Candidate stromal cytokines upregulated in response to hypoxia. (A) PANC-1 cells were exposed to 3 days of unfiltered, 10, 30, 50, 100 kDa filtered HPS (upper row peaks) or unconditioned medium (lower row peaks). Flow cytometry was performed for VIM. (B) An AAH-CYT-4000 (RayBiotech, Norcross, GA, USA) cytokine array of four membranes was used to analyze HPS, with NPS as control. Pixel density was determined by measuring spot chemiluminescent signals in ImageJ, and calculated after correction for the negative and positive controls on the membranes and dividing by the NPS control. Coded boxes on membranes scans correspond to matching significantly upregulated cytokines listed in descending order in panel C. (C) All highly induced cytokines are plotted. Statistically significant upregulated cytokines within the size range determined (between 30–100 kD) are shown in red bars (* p < 0.05, ** p < 0.01, *** p < 0.001). (D) PS1 cells were incubated under hypoxia for 3 days or 7 days, with untreated as control. Candidate cytokine levels were determined by qPCR and normalized to control.
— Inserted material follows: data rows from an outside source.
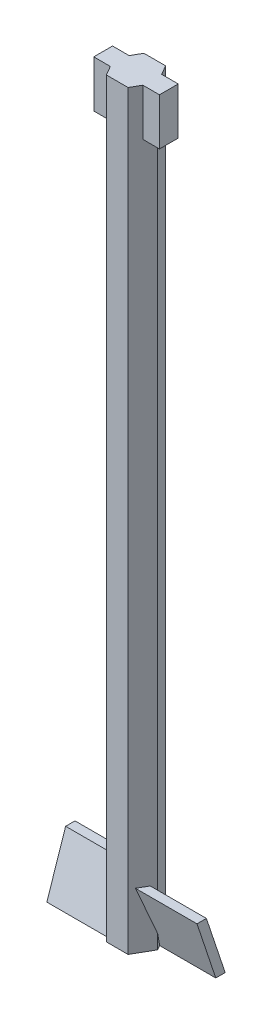
SolidWorks part; units mm, degrees
ref_plane "Front Plane" through (0, 0, 0) normal (0, 0, 1) x (1, 0, 0)
ref_plane "Top Plane" through (0, 0, 0) normal (0, 1, 0) x (1, 0, 0)
ref_plane "Right Plane" through (0, 0, 0) normal (1, 0, 0) x (0, 0, -1)
sketch "Sketch1" plane through (0, 0, 0) normal (0, 1, 0) x (1, 0, 0)
  line L1 (-1.1547, 2) -> (-2.3094, 0)
  line L2 (-2.3094, 0) -> (-1.1547, -2)
  line L3 (-1.1547, -2) -> (1.1547, -2)
  line L4 (1.1547, -2) -> (2.3094, 0)
  line L5 (2.3094, 0) -> (1.1547, 2)
  line L6 (1.1547, 2) -> (-1.1547, 2)
  circle A1 centre (0, 0) radius 2 construction
extrude "Boss-Extrude1" add sketch "Sketch1" along normal blind 80
sketch "Sketch2" plane through (0, 80, 0) normal (0, 1, 0) x (1, 0, 0)
  line L1 (-3.5, 1) -> (3.5, 1)
  line L2 (-3.5, 1) -> (-3.5, -1)
  line L3 (-3.5, -1) -> (3.5, -1)
  line L4 (3.5, 1) -> (3.5, -1)
  line L5 (-3.5, 1) -> (3.5, -1) construction
  line L6 (-3.5, -1) -> (3.5, 1) construction
  point P0 (0, 0)
  dimension "D1" = 2
  dimension "D2" = 7
extrude "Boss-Extrude2" add sketch "Sketch2" against normal blind 5
sketch "Sketch3" plane through (0, 0, 0) normal (1, 0, 0) x (0, 0, -1)
  line L0 (-1.5, 6) -> (-0.5, 6)
  line L2 (1.5, 0) -> (0.5, 0)
  line L4 (-1.5, 6) -> (0.5, 0)
  line L5 (-0.5, 6) -> (1.5, 0)
  dimension "D1" = 1
  dimension "D2" = 1
  dimension "D3" = 6
extrude "Boss-Extrude3" add sketch "Sketch3" along normal blind 8
sketch "Sketch4" plane through (0, 0, 0) normal (1, 0, 0) x (0, 0, -1)
  line L0 (1.5, 6) -> (0.5, 6)
  line L4 (-1.5, 0) -> (-0.5, 0)
  line L5 (1.5, 6) -> (-0.5, 0)
  line L6 (0.5, 6) -> (-1.5, 0)
  dimension "D1" = 1
  dimension "D2" = 6
  dimension "D3" = 1
extrude "Boss-Extrude4" add sketch "Sketch4" against normal blind 8
ref_plane "Plane1" through (0, 0, 0) normal (1, 0, 0) x (0, 0, -1)
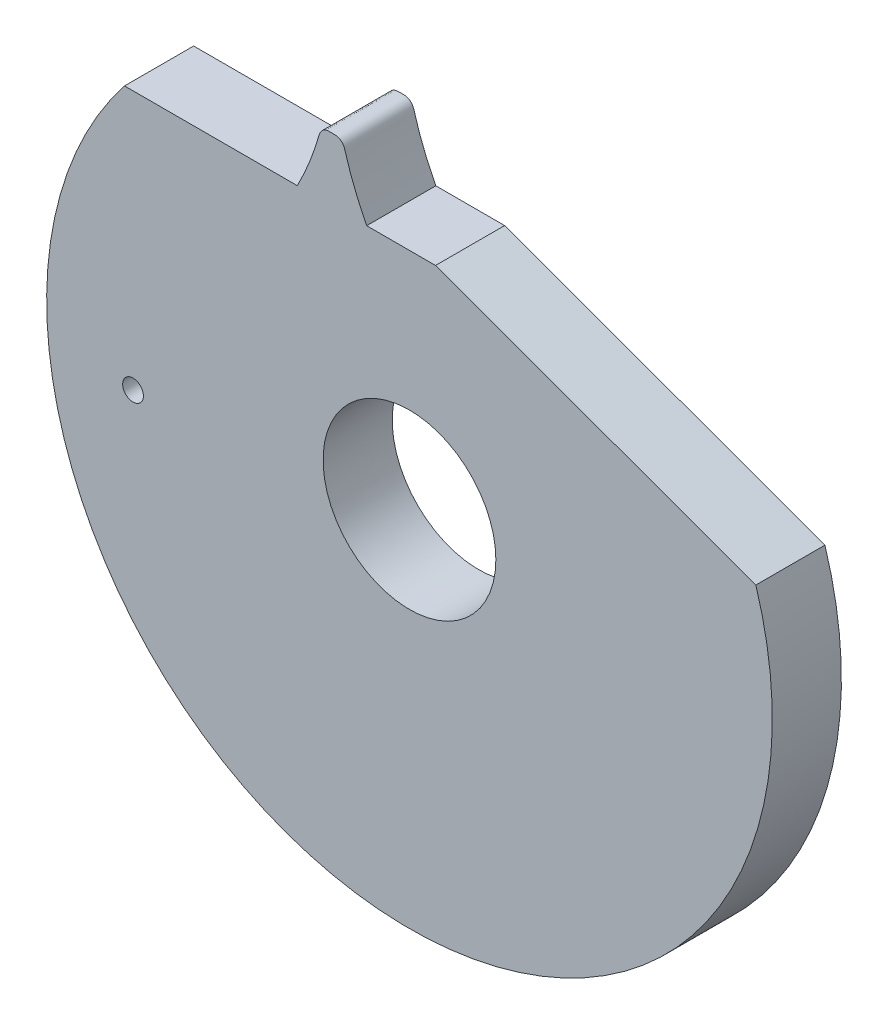
SolidWorks part; units mm, degrees
ref_plane "Front Plane" through (0, 0, 0) normal (0, 0, 1) x (1, 0, 0)
ref_plane "Top Plane" through (0, 0, 0) normal (0, 1, 0) x (1, 0, 0)
ref_plane "Right Plane" through (0, 0, 0) normal (1, 0, 0) x (0, 0, -1)
sketch "Croquis1" plane through (0, 0, 0) normal (0, 0, 1) x (1, 0, 0)
  line L0 (-2.0616, 1.625) -> (-0.8116, 1.625)
  line L1 (0, -2.625) -> (0, 1.375) construction
  line L2 (-0.3096, 1.625) -> (0.1884, 1.625)
  line L4 (0.1884, 1.625) -> (2.506, 0.7815)
  arc A0 (-2.0616, 1.625) -> (2.506, 0.7815) centre (0, 0) ccw
  circle A1 centre (0, 0) radius 0.625
  circle A2 centre (-2, -0.25) radius 0.075
  spline S0 degree 3 poles (-0.8116, 1.625) (-0.7988, 1.65) (-0.7825, 1.6831) (-0.7633, 1.7244) (-0.7527, 1.7481) (-0.7426, 1.7712) (-0.7331, 1.7938) (-0.724, 1.8158) (-0.7155, 1.8373) (-0.7075, 1.8582) (-0.6999, 1.8785) (-0.6928, 1.8983) (-0.6862, 1.9174) (-0.68, 1.936) (-0.6742, 1.954) (-0.6688, 1.9714) (-0.6634, 1.9898) (-0.6593, 2.0038) (-0.6567, 2.0136) (-0.6555, 2.0177) (-0.6542, 2.0217) (-0.6528, 2.0257) (-0.6513, 2.0296) (-0.6495, 2.0336) (-0.6476, 2.0377) (-0.6454, 2.0418) (-0.6428, 2.046) (-0.6399, 2.0504) (-0.6363, 2.0549) (-0.6321, 2.0596) (-0.6269, 2.0644) (-0.6205, 2.0691) (-0.6128, 2.0735) (-0.6038, 2.0771) (-0.5939, 2.0794) (-0.5793, 2.0803) (-0.5606, 2.0796) (-0.5418, 2.0803) (-0.5272, 2.0794) (-0.5173, 2.0771) (-0.5083, 2.0735) (-0.5006, 2.0691) (-0.4943, 2.0644) (-0.4891, 2.0596) (-0.4848, 2.0549) (-0.4812, 2.0504) (-0.4783, 2.046) (-0.4757, 2.0418) (-0.4735, 2.0377) (-0.4716, 2.0336) (-0.4699, 2.0296) (-0.4683, 2.0257) (-0.4669, 2.0217) (-0.4656, 2.0177) (-0.4644, 2.0136) (-0.4618, 2.0038) (-0.4577, 1.9898) (-0.4523, 1.9714) (-0.4469, 1.954) (-0.4411, 1.936) (-0.4349, 1.9174) (-0.4283, 1.8983) (-0.4212, 1.8785) (-0.4136, 1.8582) (-0.4056, 1.8373) (-0.3971, 1.8158) (-0.3881, 1.7938) (-0.3785, 1.7712) (-0.3684, 1.7481) (-0.3578, 1.7244) (-0.3386, 1.6831) (-0.3223, 1.65) (-0.3096, 1.625) knots 0 0 0 0 0.076643 0.100908 0.124531 0.147511 0.16985 0.191547 0.212603 0.233016 0.252788 0.271918 0.290406 0.308252 0.325457 0.342019 0.35794 0.377966 0.381853 0.385707 0.389546 0.393393 0.397276 0.401231 0.405299 0.409534 0.414002 0.418784 0.423978 0.4297 0.436077 0.443235 0.451262 0.460162 0.469799 0.478976 0.5 0.521024 0.530201 0.539838 0.548738 0.556765 0.563923 0.5703 0.576022 0.581216 0.585998 0.590466 0.594701 0.598769 0.602724 0.606607 0.610454 0.614293 0.618147 0.622034 0.64206 0.657981 0.674543 0.691748 0.709594 0.728082 0.747212 0.766984 0.787397 0.808453 0.83015 0.852489 0.875469 0.899092 0.923357 1 1 1 1
  point P84 (-0.8116, 1.625)
  dimension "D1" = 5.25
  dimension "D5" = 1.25
  dimension "D6" = 0.15
  dimension "D3" = 2.25
  dimension "D4" = 4.25
  dimension "D7" = 0.25
  dimension "D8" = 2
  dimension "D9" = 20
extrude "Saliente-Extruir1" add sketch "Croquis1" along normal blind 0.5
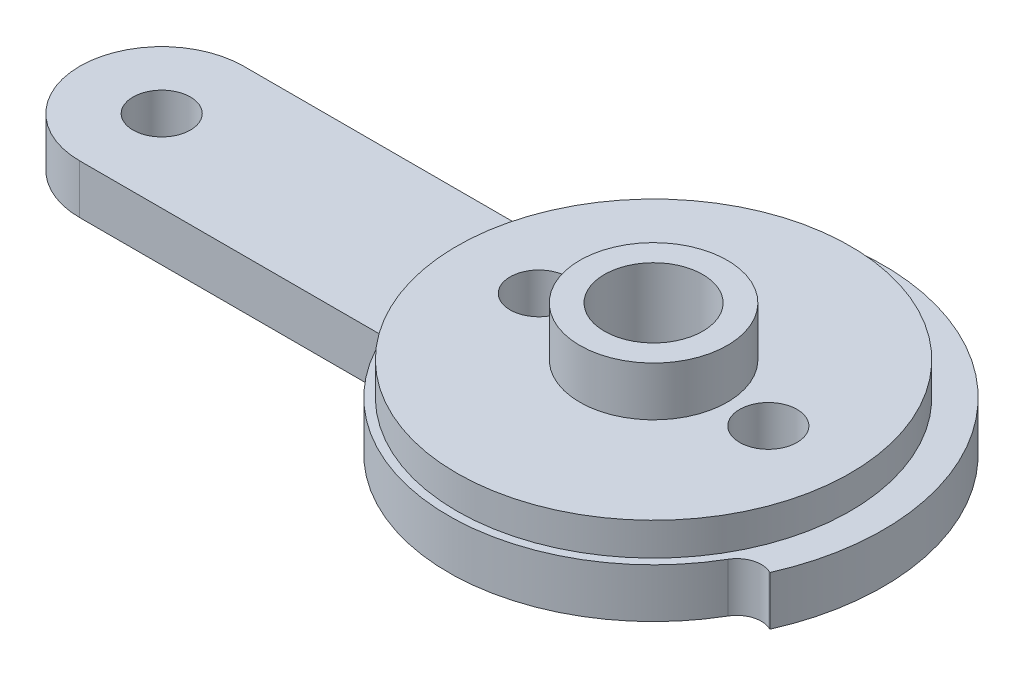
SolidWorks part; units mm, degrees
material "PET"
ref_plane "Спереди" through (0, 0, 0) normal (0, 0, 1) x (1, 0, 0)
ref_plane "Сверху" through (0, 0, 0) normal (0, 1, 0) x (1, 0, 0)
ref_plane "Справа" through (0, 0, 0) normal (1, 0, 0) x (0, 0, -1)
sketch "Эскиз1" plane through (0, 0, 0) normal (0, 1, 0) x (1, 0, 0)
  line L0 (0, 0) -> (-30, 0) construction
  line L1 (-30, 5) -> (-11.4564, 5)
  line L2 (-30, -5) -> (-11.4564, -5)
  line L4 (12.716, -5.6615) -> (12.7896, -5.6943)
  line L5 (-8.5696, 10.9686) -> (-8.6193, 11.0322)
  arc A0 (12.7896, -5.6943) -> (-8.6193, 11.0322) centre (0, 0) ccw
  arc A1 (-11.4564, -5) -> (10.8088, -6.2784) centre (0, 0) ccw
  arc A2 (-30, 5) -> (-30, -5) centre (-30, 0) ccw
  circle A3 centre (-30, 0) radius 1.75
  arc A4 (-8.7068, 8.9689) -> (-11.4564, 5) centre (0, 0) ccw
  arc A5 (10.8088, -6.2784) -> (12.716, -5.6615) centre (12.1059, -7.0319) cw
  arc A6 (-8.5696, 10.9686) -> (-8.7068, 8.9689) centre (-9.7517, 10.0452) cw
  point P13 (0, 0)
  point P16 (0, 0)
  point P18 (-7.6958, 9.8501)
  dimension "D1" = 28
  dimension "D2" = 25
  dimension "D3" = 10
  dimension "D5" = 3.5
  dimension "D6" = 1.5
  dimension "D7" = 1.5
  dimension "D4" = 30
extrude "Бобышка-Вытянуть1" add sketch "Эскиз1" along normal blind 3
sketch "Эскиз2" plane through (0, 3, 0) normal (0, 1, 0) x (1, 0, 0)
  circle A0 centre (0, 0) radius 12
  dimension "D1" = 24
extrude "Бобышка-Вытянуть2" add sketch "Эскиз2" along normal blind 2
sketch "Эскиз3" plane through (0, 5, 0) normal (0, 1, 0) x (1, 0, 0)
  circle A0 centre (0, 0) radius 4.5
  circle A1 centre (0, 0) radius 3
  dimension "D1" = 9
  dimension "D2" = 6
extrude "Бобышка-Вытянуть3" add sketch "Эскиз3" along normal blind 3
sketch "Эскиз4" plane through (0, 5, 0) normal (0, 1, 0) x (1, 0, 0)
  circle A0 centre (0, 0) radius 3
extrude "Вырез-Вытянуть1" cut sketch "Эскиз4" against normal blind 2
sketch "Эскиз5" plane through (0, 8, 0) normal (0, 1, 0) x (1, 0, 0)
  circle A0 centre (0, 0) radius 1.75
  circle A1 centre (-7, 0) radius 1.75
  circle A2 centre (7, 0) radius 1.75
  dimension "D1" = 3.5
  dimension "D2" = 3.5
  dimension "D3" = 3.5
  dimension "D4" = 7
  dimension "D5" = 7
extrude "Вырез-Вытянуть2" cut sketch "Эскиз5" against normal through all

Candidates of statistically significant upregulation are plotted (* p < 0.05, ** p < 0.01, *** p < 0.001).

Figure 5

Tumor cell EMT is driven by MMP10. (A) AMC-PDAC-053M cells were treated with NPS, HPS, and HPS + GM6001 under hypoxia. Scale bar: 20 µm. (B) Expression of VIM in cells were assessed by flow cytometry on PANC-1, AMC-PDAC-053M and AMC-PDAC-067. Data were normalized to NPS group and is shown by average gMFI ± S.E.M. (* p < 0.05, ** p < 0.01). A dot refers to a cell line.